Les entreprises transférées semblent également davantage miser sur l’innovation. Le nombre d’entreprises reprises investissant en recherche et développement aurait augmenté de 16,3 % depuis 2015, alors que le nombre reculait de 23,3 % pour l’ensemble des entreprises québécoises.


Les plus petites entreprises sont au cœur du phénomène


La taille de l’entreprise influence fortement la probabilité qu’un transfert soit réalisé.


En 2023, le taux de transfert était de seulement 4,1 % pour les entreprises comptant de un à quatre employés. Il atteignait 8,3 % chez celles de 5 à 19 employés, 11,3 % pour les entreprises de 20 à 49 employés et jusqu’à 14,2 % pour celles comptant entre 100 et 499 employés.


Malgré ces écarts, près de 80 % des transferts réalisés en 2023 concernaient des entreprises comptant de 1 à 19 employés.

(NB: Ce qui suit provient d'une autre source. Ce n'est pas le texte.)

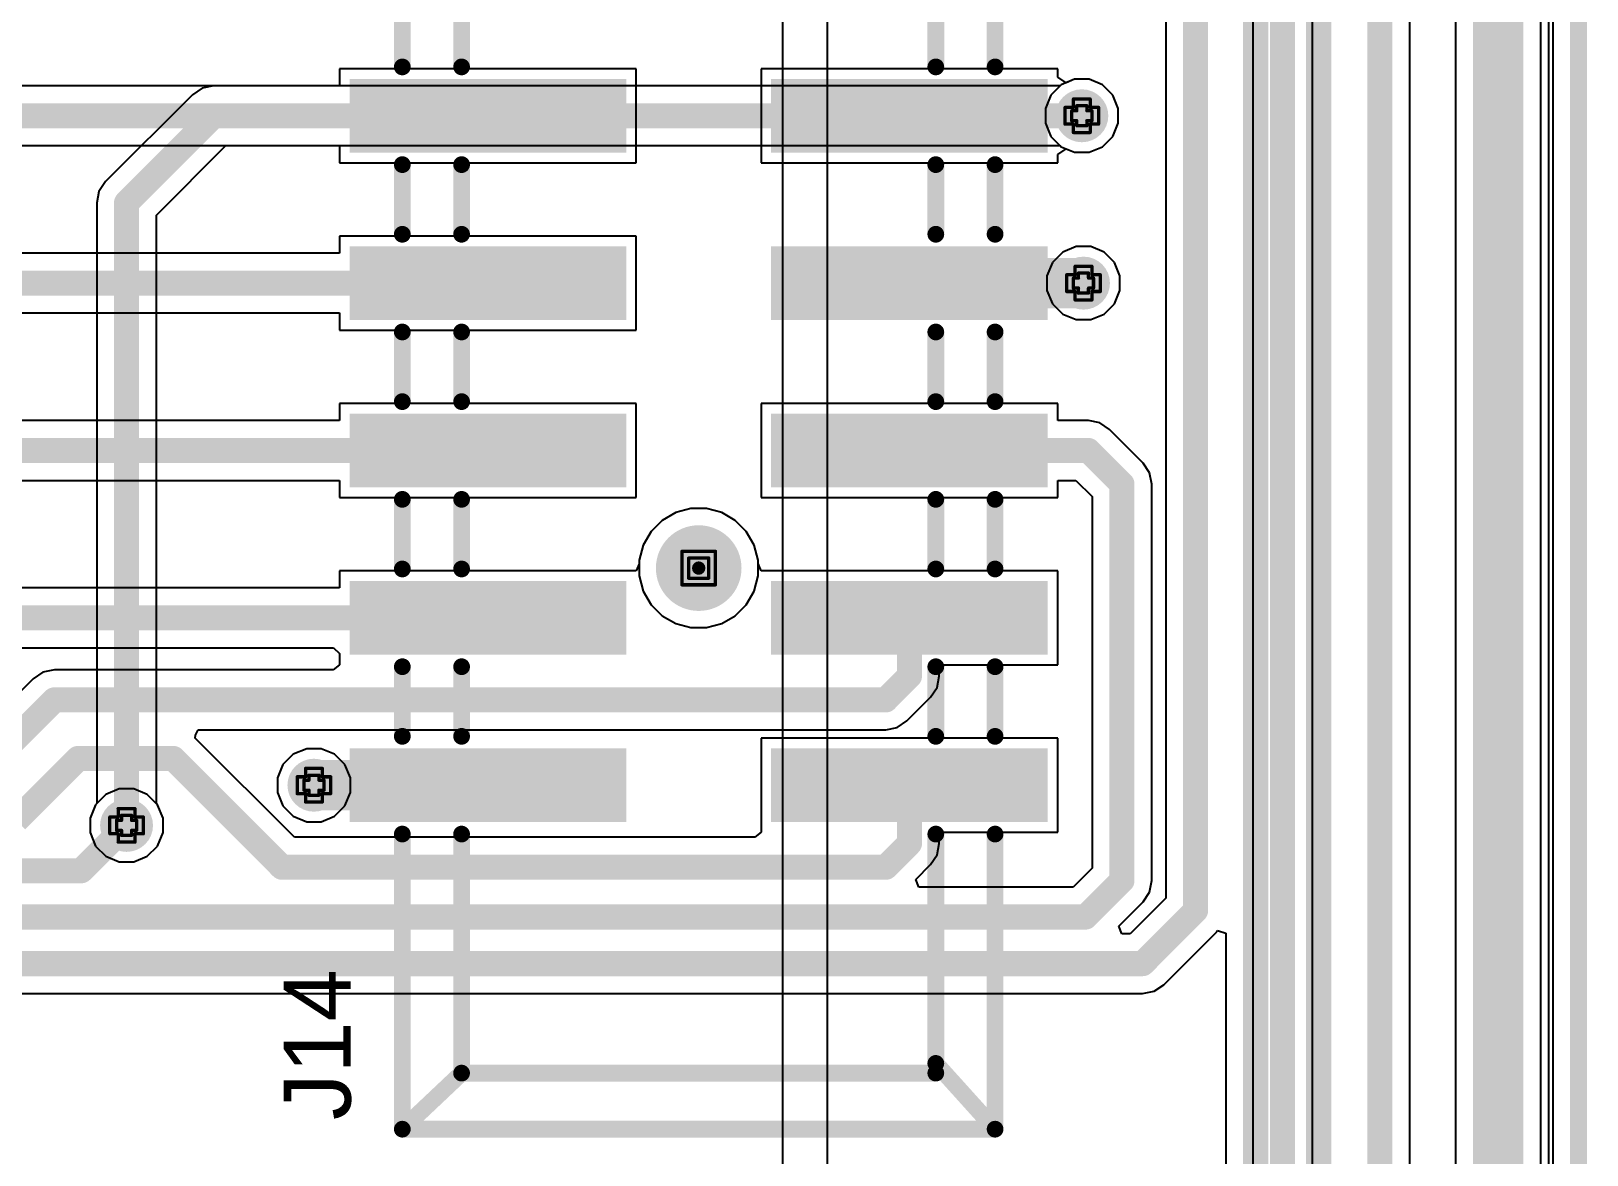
# Model space of a CAD drawing. Header units: inches. Extents: x -7 to 5163, y -3 to 5149.
# Drawn here: x 173.51 to 197.13, y 20.55 to 37.61 of the extents above; entities that cross this region are included whole.
import ezdxf

# ---------------------------------------------------------------- set-up
doc = ezdxf.new("R2010")
doc.units = ezdxf.units.IN
for name, color, linetype in [('Board Outline', 216, 'Continuous'), ('Bottom Layer', 5, 'Continuous'), ('Bottom Solder', 6, 'Continuous'), ('Drill Drawing', 1, 'Continuous'), ('GND', 76, 'Continuous'), ('Pad Holes', 156, 'Continuous'), ('PWR', 16, 'Continuous'), ('Top Layer', 1, 'Continuous'), ('Top Overlay', 2, 'Continuous'), ('Top Paste', 8, 'Continuous'), ('Top Solder', 216, 'Continuous'), ('Via Holes', 16, 'Continuous')]:
    doc.layers.add(name, color=color, linetype=linetype)
doc.styles.add('Arial', font='', dxfattribs={"height": 0.2})
doc.styles.get('Arial').set_extended_font_data('Arial')

# ---------------------------------------------------------------- blocks, each defined once
blk = doc.blocks.new('BH_00181_60')
at = {"layer": 'Bottom Solder'}
h = blk.add_hatch(color=6, dxfattribs=at)
edge = h.paths.add_edge_path()
edge.add_arc((20.835, 0), 0.102, 0, 360)
at = {"layer": 'Pad Holes'}
h = blk.add_hatch(color=7, dxfattribs=at)
edge = h.paths.add_edge_path()
edge.add_arc((20.835, 0), 0.65, 0, 360)
at = {"layer": 'Top Layer'}
for points in [[(13.46, 5.25), (14.48, 5.25), (14.48, 1.15), (13.46, 1.15)], [(16, 5.25), (17.02, 5.25), (17.02, 1.15), (16, 1.15)], [(18.54, 5.25), (19.56, 5.25), (19.56, 1.15), (18.54, 1.15)], [(21.08, 5.25), (22.1, 5.25), (22.1, 1.15), (21.08, 1.15)], [(23.62, 5.25), (24.64, 5.25), (24.64, 1.15), (23.62, 1.15)], [(13.46, -1.15), (14.48, -1.15), (14.48, -5.25), (13.46, -5.25)], [(16, -1.15), (17.02, -1.15), (17.02, -5.25), (16, -5.25)], [(18.54, -1.15), (19.56, -1.15), (19.56, -5.25), (18.54, -5.25)], [(21.08, -1.15), (22.1, -1.15), (22.1, -5.25), (21.08, -5.25)], [(23.62, -1.15), (24.64, -1.15), (24.64, -5.25), (23.62, -5.25)]]:
    blk.add_hatch(color=1, dxfattribs=at).paths.add_polyline_path(points)
at = {"layer": 'Top Paste'}
for points in [[(13.46, 5.25), (14.48, 5.25), (14.48, 1.15), (13.46, 1.15)], [(16, 5.25), (17.02, 5.25), (17.02, 1.15), (16, 1.15)], [(18.54, 5.25), (19.56, 5.25), (19.56, 1.15), (18.54, 1.15)], [(21.08, 5.25), (22.1, 5.25), (22.1, 1.15), (21.08, 1.15)], [(23.62, 5.25), (24.64, 5.25), (24.64, 1.15), (23.62, 1.15)], [(13.46, -1.15), (14.48, -1.15), (14.48, -5.25), (13.46, -5.25)], [(16, -1.15), (17.02, -1.15), (17.02, -5.25), (16, -5.25)], [(18.54, -1.15), (19.56, -1.15), (19.56, -5.25), (18.54, -5.25)], [(21.08, -1.15), (22.1, -1.15), (22.1, -5.25), (21.08, -5.25)], [(23.62, -1.15), (24.64, -1.15), (24.64, -5.25), (23.62, -5.25)]]:
    blk.add_hatch(color=8, dxfattribs=at).paths.add_polyline_path(points)
at = {"layer": 'Top Solder'}
for points in [[(13.41, 5.3), (14.53, 5.3), (14.53, 1.1), (13.41, 1.1)], [(15.95, 5.3), (17.07, 5.3), (17.07, 1.1), (15.95, 1.1)], [(18.49, 5.3), (19.61, 5.3), (19.61, 1.1), (18.49, 1.1)], [(21.03, 5.3), (22.15, 5.3), (22.15, 1.1), (21.03, 1.1)], [(23.57, 5.3), (24.69, 5.3), (24.69, 1.1), (23.57, 1.1)], [(13.41, -1.1), (14.53, -1.1), (14.53, -5.3), (13.41, -5.3)], [(15.95, -1.1), (17.07, -1.1), (17.07, -5.3), (15.95, -5.3)], [(18.49, -1.1), (19.61, -1.1), (19.61, -5.3), (18.49, -5.3)], [(21.03, -1.1), (22.15, -1.1), (22.15, -5.3), (21.03, -5.3)], [(23.57, -1.1), (24.69, -1.1), (24.69, -5.3), (23.57, -5.3)]]:
    blk.add_hatch(color=216, dxfattribs=at).paths.add_polyline_path(points)
h = blk.add_hatch(color=216, dxfattribs=at)
edge = h.paths.add_edge_path()
edge.add_arc((20.835, 0), 0.102, 0, 360)
at = {"layer": 'Top Overlay', "const_width": 0.254}
for points in [[(13.229, 4.5), (12.171, 4.5)], [(15.769, 4.5), (14.711, 4.5)], [(18.309, 4.5), (17.251, 4.5)], [(20.849, 4.5), (19.791, 4.5)], [(23.389, 4.5), (22.331, 4.5)], [(29.35, 4.5), (24.871, 4.5)], [(28.352, 3.6), (29.35, 4.5)], [(29.35, -4.5), (29.35, 4.5)], [(13.229, 3.6), (12.171, 3.6)], [(15.769, 3.6), (14.711, 3.6)], [(18.309, 3.6), (17.251, 3.6)], [(20.849, 3.6), (19.791, 3.6)], [(23.389, 3.6), (22.331, 3.6)], [(28.5, 3.6), (24.871, 3.6)], [(28.5, -3.6), (28.5, 3.6)], [(13.229, -3.6), (12.171, -3.6)], [(15.769, -3.6), (14.711, -3.6)], [(18.309, -3.6), (17.251, -3.6)], [(20.849, -3.6), (19.791, -3.6)], [(23.389, -3.6), (22.331, -3.6)], [(28.5, -3.6), (24.871, -3.6)], [(29.35, -4.5), (28.5, -3.6)], [(13.229, -4.5), (12.171, -4.5)], [(15.769, -4.5), (14.711, -4.5)], [(18.309, -4.5), (17.251, -4.5)], [(20.849, -4.5), (19.791, -4.5)], [(23.389, -4.5), (22.331, -4.5)], [(29.35, -4.5), (24.871, -4.5)]]:
    blk.add_lwpolyline(points, dxfattribs=at)
at = {"layer": 'Top Overlay', "const_width": 0.127}
for points in [[(13.165, 4.5, 1), (13.292, 4.5, 1)], [(14.648, 4.5, 1), (14.775, 4.5, 1)], [(15.705, 4.5, 1), (15.832, 4.5, 1)], [(17.188, 4.5, 1), (17.315, 4.5, 1)], [(18.245, 4.5, 1), (18.372, 4.5, 1)], [(19.728, 4.5, 1), (19.855, 4.5, 1)], [(20.785, 4.5, 1), (20.912, 4.5, 1)], [(22.268, 4.5, 1), (22.395, 4.5, 1)], [(23.325, 4.5, 1), (23.452, 4.5, 1)], [(24.808, 4.5, 1), (24.935, 4.5, 1)], [(29.287, 4.5, 1), (29.414, 4.5, 1)], [(29.287, 4.5, 1), (29.414, 4.5, 1)], [(29.287, 4.5, 1), (29.414, 4.5, 1)], [(13.165, 3.6, 1), (13.292, 3.6, 1)], [(14.648, 3.6, 1), (14.775, 3.6, 1)], [(15.705, 3.6, 1), (15.832, 3.6, 1)], [(17.188, 3.6, 1), (17.315, 3.6, 1)], [(18.245, 3.6, 1), (18.372, 3.6, 1)], [(19.728, 3.6, 1), (19.855, 3.6, 1)], [(20.785, 3.6, 1), (20.912, 3.6, 1)], [(22.268, 3.6, 1), (22.395, 3.6, 1)], [(23.325, 3.6, 1), (23.452, 3.6, 1)], [(24.808, 3.6, 1), (24.935, 3.6, 1)], [(28.289, 3.6, 1), (28.416, 3.6, 1)], [(28.436, 3.6, 1), (28.563, 3.6, 1)], [(28.436, 3.6, 1), (28.563, 3.6, 1)], [(13.165, -3.6, 1), (13.292, -3.6, 1)], [(14.648, -3.6, 1), (14.775, -3.6, 1)], [(15.705, -3.6, 1), (15.832, -3.6, 1)], [(17.188, -3.6, 1), (17.315, -3.6, 1)], [(18.245, -3.6, 1), (18.372, -3.6, 1)], [(19.728, -3.6, 1), (19.855, -3.6, 1)], [(20.785, -3.6, 1), (20.912, -3.6, 1)], [(22.268, -3.6, 1), (22.395, -3.6, 1)], [(23.325, -3.6, 1), (23.452, -3.6, 1)], [(24.808, -3.6, 1), (24.935, -3.6, 1)], [(28.436, -3.6, 1), (28.563, -3.6, 1)], [(28.436, -3.6, 1), (28.563, -3.6, 1)], [(28.436, -3.6, 1), (28.563, -3.6, 1)], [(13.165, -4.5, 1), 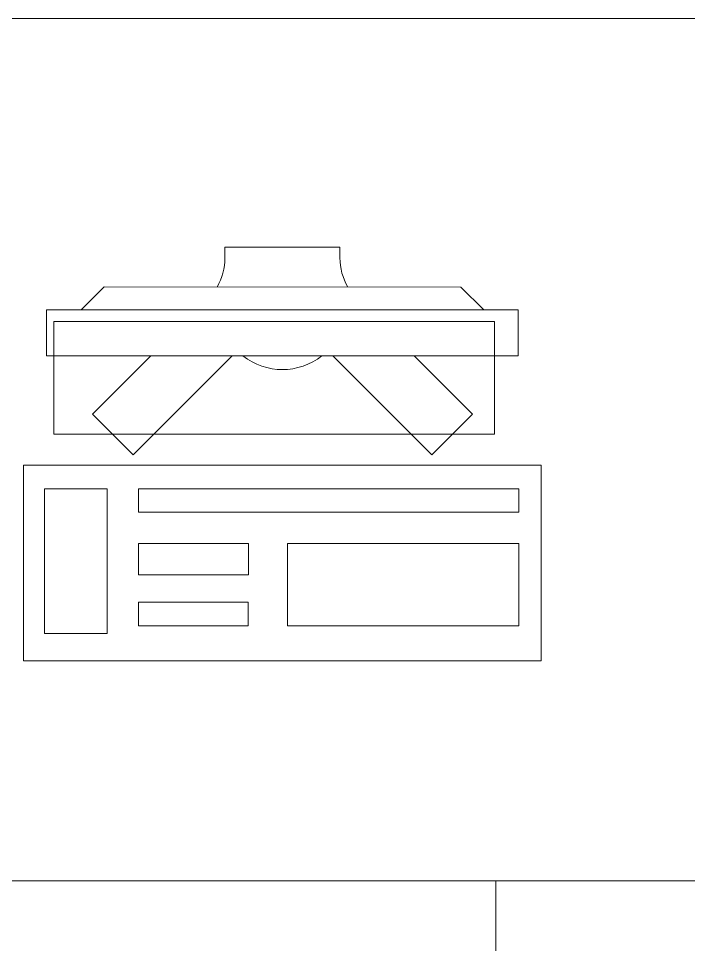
# Model space of a CAD drawing. Header units: metres. Extents: x -18745 to 220762, y -1579758 to -1356048.
# Drawn here: x 111602 to 112185, y -1425578 to -1424773 of the extents above; entities that cross this region are included whole.
import ezdxf

# ---------------------------------------------------------------- set-up
doc = ezdxf.new("R2010")
doc.units = ezdxf.units.M
doc.layers.get('0').update_dxf_attribs({"lineweight": 0})
doc.layers.add('A-100 - Copy$0$Medical Equipment and Furniture', color=8, linetype='Continuous', lineweight=0)

# ---------------------------------------------------------------- blocks, each defined once
blk = doc.blocks.new('A-100 - Copy$0$ITCWLS1-P')
for p, q in [((-0.17, 0.45), (-0.17, 0)), ((-0.17, 0.45), (0, 0.45)), ((0, 0.45), (0, 0)), ((-0.26509, 0.43, 0), (-0.30509, 0.43, 0)), ((-0.30509, 0.43, 0), (-0.30509, 0.02, 0)), ((-0.26509, 0.43, 0), (-0.26509, 0.02, 0)), ((-0.14957, 0.43047), (-0.12914, 0.43047)), ((-0.12914, 0.43047), (-0.12914, 0.40893)), ((-0.197, 0.40939), (-0.295, 0.40939)), ((-0.295, 0.02639), (-0.295, 0.40939)), ((-0.197, 0.02639), (-0.197, 0.40939)), ((-0.32509, 0.38, 0), (-0.30509, 0.4, 0)), ((-0.32509, 0.38, 0), (-0.32509, 0.07, 0)), ((-0.35032, 0.275), (-0.35961, 0.275)), ((-0.35961, 0.175), (-0.35961, 0.275)), ((-0.35032, 0.175), (-0.35961, 0.175)), ((-0.32509, 0.07, 0), (-0.30509, 0.05, 0)), ((-0.197, 0.02639), (-0.295, 0.02639)), ((-0.30509, 0.02, 0), (-0.26509, 0.02, 0)), ((-0.17, 0), (0, 0))]:
    blk.add_line(p, q)
at = {"extrusion": (2.48281e-10, 3.18408e-10, -1)}
for p, q in [((-0.26509, 0.33952), (-0.21443, 0.39019)), ((-0.17907, 0.35483), (-0.21443, 0.39019)), ((-0.26509, 0.26881), (-0.17907, 0.35483))]:
    blk.add_line(p, q, dxfattribs=at)
at = {"extrusion": (2.48281e-10, -3.18408e-10, -1)}
for p, q in [((-0.26509, 0.18119), (-0.17907, 0.09517)), ((-0.26509, 0.11048), (-0.21443, 0.05981)), ((-0.17907, 0.09517), (-0.21443, 0.05981))]:
    blk.add_line(p, q, dxfattribs=at)
for points in [[(-0.12914, 0.40893), (-0.12914, 0.09996), (-0.14957, 0.09996), (-0.14957, 0.43047)], [(-0.14957, 0.09997), (-0.14957, 0.09997), (-0.14957, 0.09997), (-0.14957, 0.09997), (-0.14957, 0.09997), (-0.14957, 0.09997), (-0.14957, 0.09997), (-0.14957, 0.09997), (-0.14957, 0.09997)], [(-0.14957, 0.09997), (-0.14957, 0.09997), (-0.14957, 0.09997), (-0.14957, 0.09997), (-0.14957, 0.09997), (-0.14957, 0.09997), (-0.14957, 0.09997), (-0.14957, 0.09997), (-0.14957, 0.09997), (-0.14957, 0.09997), (-0.14957, 0.09997), (-0.14957, 0.09997), (-0.14957, 0.09997), (-0.14957, 0.09997), (-0.14957, 0.09997), (-0.14957, 0.09997), (-0.14957, 0.09997), (-0.14957, 0.09997)], [(-0.14957, 0.09996), (-0.14957, 0.09996), (-0.14957, 0.09996), (-0.14957, 0.09996), (-0.14957, 0.09996), (-0.14957, 0.09996), (-0.14957, 0.09996), (-0.14957, 0.09996), (-0.14957, 0.09996), (-0.14957, 0.09996)], [(-0.14957, 0.09996), (-0.14957, 0.09996), (-0.14957, 0.09996), (-0.14957, 0.09996), (-0.14957, 0.09996), (-0.14957, 0.09996), (-0.14957, 0.09996)], [(-0.14957, 0.09997), (-0.14957, 0.09997), (-0.14957, 0.09997), (-0.14957, 0.09997), (-0.14957, 0.09997), (-0.14957, 0.09997), (-0.14957, 0.09997), (-0.14957, 0.09997), (-0.14957, 0.09997), (-0.14957, 0.09997)], [(-0.14957, 0.09997), (-0.14957, 0.09997), (-0.14957, 0.09997), (-0.14957, 0.09997), (-0.14957, 0.09997), (-0.14957, 0.09997), (-0.14957, 0.09997), (-0.14957, 0.09997), (-0.14957, 0.09997), (-0.14957, 0.09997), (-0.14957, 0.09997), (-0.14957, 0.09997), (-0.14957, 0.09997), (-0.14957, 0.09997), (-0.14957, 0.09997)], [(-0.14957, 0.09997), (-0.14957, 0.09997), (-0.14957, 0.09997), (-0.14957, 0.09997), (-0.14957, 0.09997), (-0.14957, 0.09997), (-0.14957, 0.09997), (-0.14957, 0.09997), (-0.14957, 0.09997), (-0.14957, 0.09997)], [(-0.14957, 0.09997), (-0.14957, 0.09997), (-0.14957, 0.09997), (-0.14957, 0.09997), (-0.14957, 0.09997), (-0.14957, 0.09997), (-0.14957, 0.09997), (-0.14957, 0.09997), (-0.14957, 0.09997), (-0.14957, 0.09997)], [(-0.14957, 0.09996), (-0.14957, 0.09996), (-0.14957, 0.09996), (-0.14957, 0.09996), (-0.14957, 0.09996), (-0.14957, 0.09996), (-0.14957, 0.09996), (-0.14957, 0.09996), (-0.14957, 0.09996), (-0.14957, 0.09996), (-0.14957, 0.09996), (-0.14957, 0.09996), (-0.14957, 0.09996), (-0.14957, 0.09996), (-0.14957, 0.09996), (-0.14957, 0.09996), (-0.14957, 0.09996), (-0.14957, 0.09996), (-0.14957, 0.09997), (-0.14957, 0.09997), (-0.14957, 0.09997), (-0.14957, 0.09997), (-0.14957, 0.09997), (-0.14957, 0.09997), (-0.14957, 0.09997), (-0.14957, 0.09997), (-0.14957, 0.09997), (-0.14957, 0.09997), (-0.14957, 0.09997), (-0.14957, 0.09997), (-0.14957, 0.09997), (-0.14957, 0.09997), (-0.14956, 0.09997), (-0.14956, 0.09997), (-0.14956, 0.09997), (-0.14956, 0.09996), (-0.14956, 0.09996), (-0.14956, 0.09996), (-0.14956, 0.09996), (-0.14956, 0.09996), (-0.14956, 0.09996), (-0.14956, 0.09996), (-0.14956, 0.09996), (-0.14956, 0.09996), (-0.14956, 0.09996), (-0.14956, 0.09996), (-0.14956, 0.09996), (-0.14956, 0.09996), (-0.14957, 0.09996), (-0.14957, 0.09996), (-0.14957, 0.09996), (-0.14957, 0.09996), (-0.14957, 0.09996), (-0.14957, 0.09996)], [(-0.14957, 0.09996), (-0.14957, 0.09996), (-0.14957, 0.09996), (-0.14957, 0.09996), (-0.14957, 0.09996), (-0.14957, 0.09996), (-0.14957, 0.09996), (-0.14957, 0.09996), (-0.14957, 0.09996), (-0.14957, 0.09996), (-0.14957, 0.09997), (-0.14957, 0.09997), (-0.14957, 0.09997), (-0.14957, 0.09996), (-0.14957, 0.09996), (-0.14957, 0.09996), (-0.14957, 0.09996), (-0.14957, 0.09996), (-0.14957, 0.09996), (-0.14957, 0.09997), (-0.14957, 0.09997), (-0.14957, 0.09997), (-0.14957, 0.09997), (-0.14957, 0.09997), (-0.14957, 0.09997), (-0.14957, 0.09997), (-0.14957, 0.09997), (-0.14957, 0.09997), (-0.14957, 0.09997), (-0.14957, 0.09997), (-0.14957, 0.09997), (-0.14957, 0.09997), (-0.14957, 0.09997), (-0.14957, 0.09997), (-0.14957, 0.09997), (-0.14957, 0.09997), (-0.14957, 0.09997), (-0.14957, 0.09997), (-0.14957, 0.09997), (-0.14957, 0.09997), (-0.14957, 0.09997), (-0.14957, 0.09997), (-0.14957, 0.09997), (-0.14957, 0.09997), (-0.14957, 0.09997), (-0.14957, 0.09997), (-0.14957, 0.09997), (-0.14957, 0.09997), (-0.14957, 0.09997), (-0.14957, 0.09997), (-0.14957, 0.09997), (-0.14957, 0.09997), (-0.14957, 0.09997), (-0.14957, 0.09997), (-0.14957, 0.09997), (-0.14957, 0.09997), (-0.14957, 0.09997), (-0.14957, 0.09997), (-0.14957, 0.09997), (-0.14957, 0.09997), (-0.14957, 0.09997), (-0.14957, 0.09997), (-0.14957, 0.09997), (-0.14957, 0.09997), (-0.14957, 0.09997), (-0.14957, 0.09997), (-0.14957, 0.09997), (-0.14957, 0.09997), (-0.14957, 0.09997), (-0.14957, 0.09997), (-0.14957, 0.09997), (-0.14957, 0.09997), (-0.14957, 0.09997), (-0.14957, 0.09997), (-0.14957, 0.09997), (-0.14957, 0.09997), (-0.14957, 0.09997), (-0.14957, 0.09997), (-0.14957, 0.09997), (-0.14957, 0.09997), (-0.14956, 0.09997), (-0.14957, 0.09997), (-0.14957, 0.09997), (-0.14957, 0.09997), (-0.14957, 0.09997), (-0.14956, 0.09997), (-0.14957, 0.09997), (-0.14957, 0.09997), (-0.14957, 0.09997), (-0.14957, 0.09997), (-0.14957, 0.09997), (-0.14957, 0.09997), (-0.14957, 0.09997), (-0.14957, 0.09997), (-0.14957, 0.09997), (-0.14957, 0.09997), (-0.14956, 0.09997), (-0.14957, 0.09996), (-0.14957, 0.09996), (-0.14957, 0.09996), (-0.14956, 0.09996), (-0.14957, 0.09996), (-0.14957, 0.09996), (-0.14957, 0.09996), (-0.14957, 0.09996), (-0.14957, 0.09996), (-0.14957, 0.09996), (-0.14957, 0.09996), (-0.14957, 0.09996), (-0.14957, 0.09996), (-0.14957, 0.09996)], [(-0.14957, 0.09996), (-0.14957, 0.09996), (-0.14957, 0.09996), (-0.14957, 0.09996), (-0.14957, 0.09996), (-0.14957, 0.09996), (-0.14957, 0.09996), (-0.14957, 0.09996)], [(-0.14957, 0.09996), (-0.14957, 0.09996), (-0.14957, 0.09996), (-0.14957, 0.09996), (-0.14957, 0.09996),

Cette réalité est particulièrement pertinente dans le transport routier québécois, une industrie où évoluent de nombreuses petites entreprises et entreprises familiales.


Près de six propriétaires sur dix n’ont toujours pas de plan


L’un des principaux risques identifiés dans l’étude demeure le manque de préparation des dirigeants.


Alors que la proportion de propriétaires âgés de 55 ans et plus continue d’augmenter, près de six propriétaires-dirigeants sur dix n’auraient toujours pas de plan de relève.


Pour Repreneuriat Québec, l’enjeu des prochaines années sera donc autant de trouver des repreneurs que de convaincre les propriétaires de préparer suffisamment tôt leur transition.


La situation est d’autant plus importante que les jeunes repreneurs sont moins nombreux. En 2023, les personnes âgées de 29 ans et moins ne représentaient que 4,5 % des reprises, leur plus faible proportion depuis 2015.


À l’inverse, 38,5 % des repreneurs avaient 55 ans ou plus, tandis que 57 % étaient âgés de 30 à 54 ans.


Une meilleure survie après un transfert


Le repreneuriat présente également un avantage important sur le plan de la continuité.


Selon l’étude, 73 % des entreprises transférées sont toujours actives sept ans après la transaction, comparativement à 49 % des entreprises nouvellement créées.


Cette différence illustre l’importance stratégique du transfert d’entreprise pour préserver les activités économiques déjà établies, particulièrement dans des secteurs essentiels comme le transport et l’entreposage.


Le transport québécois face à une importante transition


Avec une croissance de 41,3 % du taux de transfert depuis 2015, le transport et l’entreposage se trouvent directement au cœur du mouvement de repreneuriat qui transforme actuellement l’économie québécoise.


Et la tendance devrait se poursuivre rapidement : 38 000 entreprises québécoises sont appelées à changer de mains entre 2026 et la fin de 2028.



Pour l’industrie du camionnage, les prochaines années pourraient ainsi être marquées par une multiplication des ventes, des transferts familiaux et des acquisitions d’entreprises. Au-delà des transactions elles-mêmes, l’enjeu sera de préserver les emplois, les équipements, l’expertise et les entreprises de transport développées au Québec au cours des dernières décennies.